Social media encompasses numerous genres, each with their own conversational styles, which affect what sort of rhetoric and arguments may be made. One key feature is the extent to which a medium is used for broadcasts (e.g. monologues) versus conversations (e.g. dialogues), and in each genre, a prototypical message or messages could be described, but these vary across genres due to social conventions and technical constraints. De Moor and Efimova compared rhetorical and argumentative aspects of listservs and blogs, identifying features such as the likelihood that messages receive responses, and whether spaces are owned communities or by a single individual, and the timeline for replies [5]. Important message characteristics include the typical and allowable message length (e.g. space limitations on microblogs) and whether messages may be continually refined by a group (such as in StackOverflow).

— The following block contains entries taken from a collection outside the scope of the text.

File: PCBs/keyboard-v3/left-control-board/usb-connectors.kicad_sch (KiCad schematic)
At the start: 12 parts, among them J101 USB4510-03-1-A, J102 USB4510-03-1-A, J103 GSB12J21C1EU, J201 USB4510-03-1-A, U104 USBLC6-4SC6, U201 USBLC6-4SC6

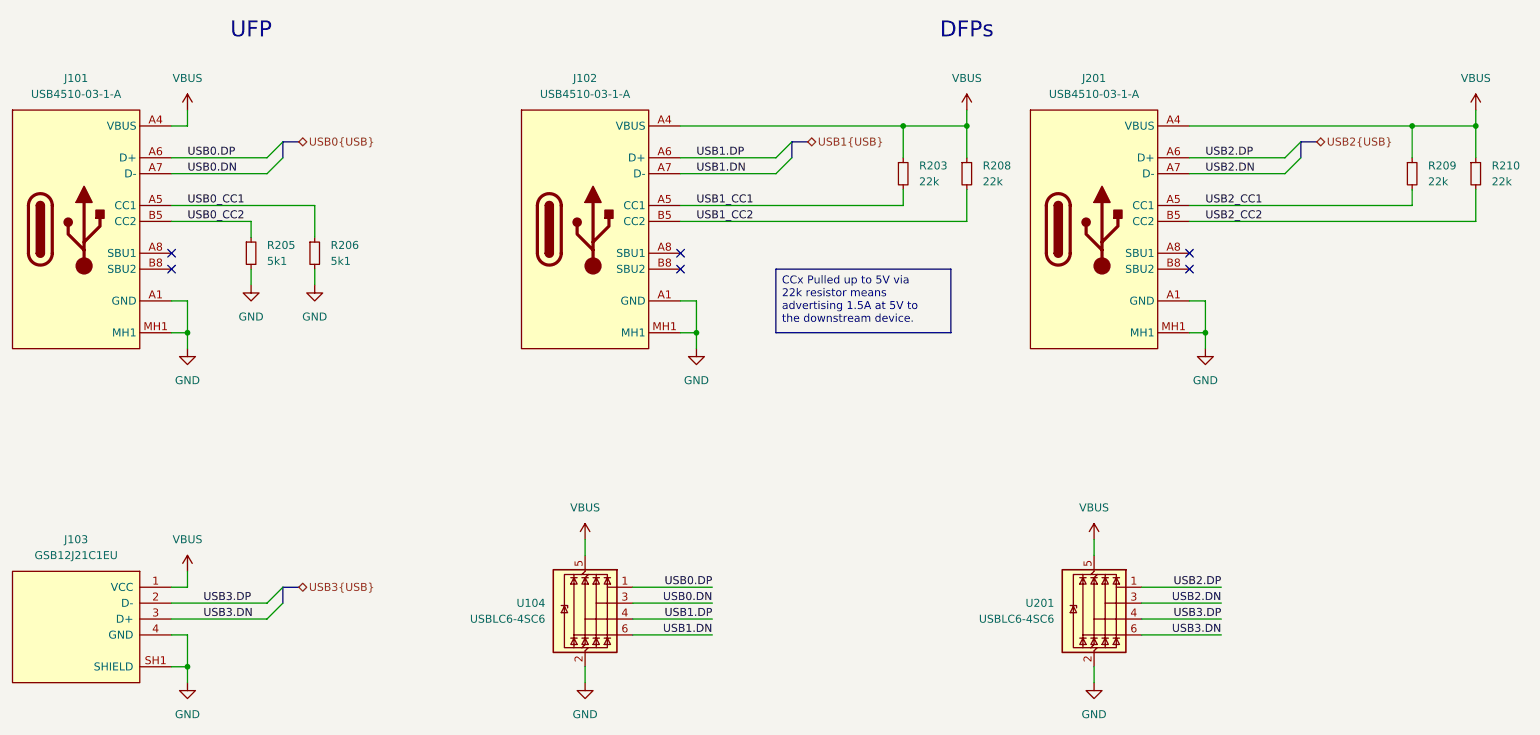
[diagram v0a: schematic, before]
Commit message: Added debug-breakout board, progress on right side schematics & layout
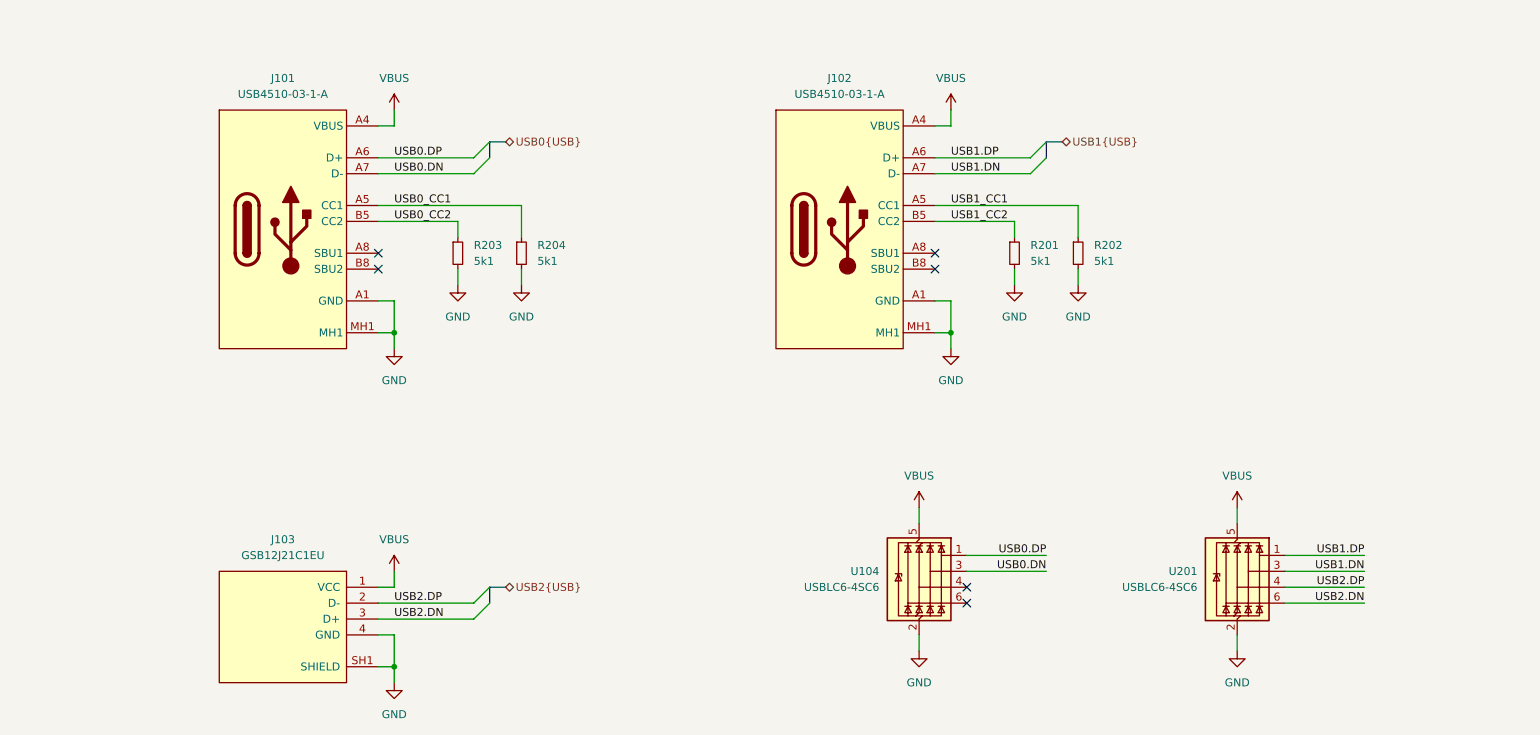
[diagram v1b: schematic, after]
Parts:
- removed J201: USB4510-03-1-A, project_footprints:USB4510031A, symbol USB-CONN:USB4510-03-1-A
- removed R205, R206: 5k1, project_footprints:R_0402, symbol DEV:R_SMALL
- removed R208, R209, R210: 22k, project_footprints:R_0402, symbol DEV:R_SMALL
- added R201, R202, R204: 5k1, project_footprints:R_0402, symbol DEV:R_SMALL
- R203: value 22k -> 5k1
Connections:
- net USB3.DN is gone; now on net USB2.DN: J103.3 (D+), U201.6 (I/O4)
- net USB3.DP is gone; now on net USB2.DP: J103.2 (D-), U201.4 (I/O3)
- net GND: now also R203.2, R201.2, R202.2, R204.2
- net USB0_CC1: now also R204.1
- net USB0_CC2: now also R203.1
- net USB1.DN: now also U201.3 (I/O2); no longer U104.6 (I/O4)
- net USB1.DP: now also U201.1 (I/O1); no longer U104.4 (I/O3)
- net USB1_CC1: now also R202.1; no longer R203.2
- net USB1_CC2: now also R201.1
- net USB2.DN: no longer U201.3 (I/O2)
- net USB2.DP: no longer U201.1 (I/O1)
- net VBUS: no longer R203.1
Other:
- note removed: "DFPs"
- note removed: "UFP"
- moved on the sheet: J101, J102, J103, U104, U201

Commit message: Left knob board done
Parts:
- removed R203, R204: 5k1, project_footprints:R_0402, symbol DEV:R_SMALL
- added R205, R206: 5k1, project_footprints:R_0402, symbol DEV:R_SMALL
- R201, R202: value 5k1 -> 22k
- renumbered J101 to J201, J102 to J202, J103 to J204, U104 to U201, U201 to U202
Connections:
- net GND: now also R205.2, R206.2; no longer R201.2, R202.2
- net USB0.DN: now also U202.3 (I/O2); no longer U201.3 (I/O2)
- net USB0.DP: now also U202.1 (I/O1); no longer U201.1 (I/O1)
- net USB0_CC1: now also R206.1
- net USB0_CC2: now also R205.1
- net USB1.DN: now also U201.4 (I/O3); no longer U202.3 (I/O2)
- net USB1.DP: now also U201.6 (I/O4); no longer U202.1 (I/O1)
- net USB1_CC1: now also R201.2; no longer R202.1
- net USB1_CC2: now also R202.2; no longer R201.1
- net VBUS: now also R201.1, R202.1
- net USB2.DN: no longer names the net of U202.6 (I/O4)
- net USB2.DN: no longer J204.3 (D+)
- net USB2.DP: no longer names the net of U202.4 (I/O3)
- net USB2.DP: no longer J204.2 (D-)
- new net USB3.DN: J204.3 (D+), U201.3 (I/O2)
- new net USB3.DP: J204.2 (D-), U201.1 (I/O1)
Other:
- note added: "DFP"
- note added: "UFP"
- moved on the sheet: J202, J204, U201, U202

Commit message: Keyboard v3 hardware done
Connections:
- net USB1.DN renamed USB2.DN
- net USB1.DP renamed USB2.DP
- net USB1_CC1 renamed USB2_CC1
- net USB1_CC2 renamed USB2_CC2
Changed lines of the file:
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@@
 		)
 	)
-	(label "USB1.DP"
+	(label "USB2.DP"
 		(at 175.26 60.96 0)
 		(effects
@@
 		)
 	)
-	(label "USB1.DP"
+	(label "USB2.DP"
 		(at 162.56 137.16 180)
 		(effects
@@
 			)
 			(justify right bottom)
-		)
-	)
-	(label "USB1.DN"
-		(at 175.26 63.5 0)
-		(effects
-			(font
-				(size 1.27 1.27)
-			)
-			(justify left bottom)
 		)
 	)
@@
 		)
 	)
-	(label "USB1_CC2"
+	(label "USB2.DN"
+		(at 175.26 63.5 0)
+		(effects
+			(font
+				(size 1.27 1.27)
+			)
+			(justify left bottom)
+		)
+	)
+	(label "USB2_CC2"
 		(at 175.26 71.12 0)
 		(effects
@@
 		)
 	)
-	(label "USB1.DN"
+	(label "USB2.DN"
 		(at 162.56 134.62 180)
 		(effects
@@
 		)
 	)
-	(label "USB1_CC1"
+	(label "USB2_CC1"
 		(at 175.26 68.58 0)
 		(effects
@@
 		)
 	)
-	(hierarchical_label "USB1{USB}"
+	(hierarchical_label "USB2{USB}"
 		(shape bidirectional)
 		(at 193.04 58.42 0)

Metadata associated with a post (such as poster, timestamp, and subject line for listservs) and additional structure (such as pingbacks and links for blogs) can also be used for argumentation. For example, a user’s most recent post is generally taken to identify their current view, while relationships between messages can indicate a shared topic, and may be associated with agreement or disagreement.
Users are different, and properties of users are factors that contribute not only to substance of the user’s comment, but as well to how they react to the comments of others. These include demographic information such as the user’s age, gender, location, education, and so on. In a specific domain, additional user expectations or constraints could also be added.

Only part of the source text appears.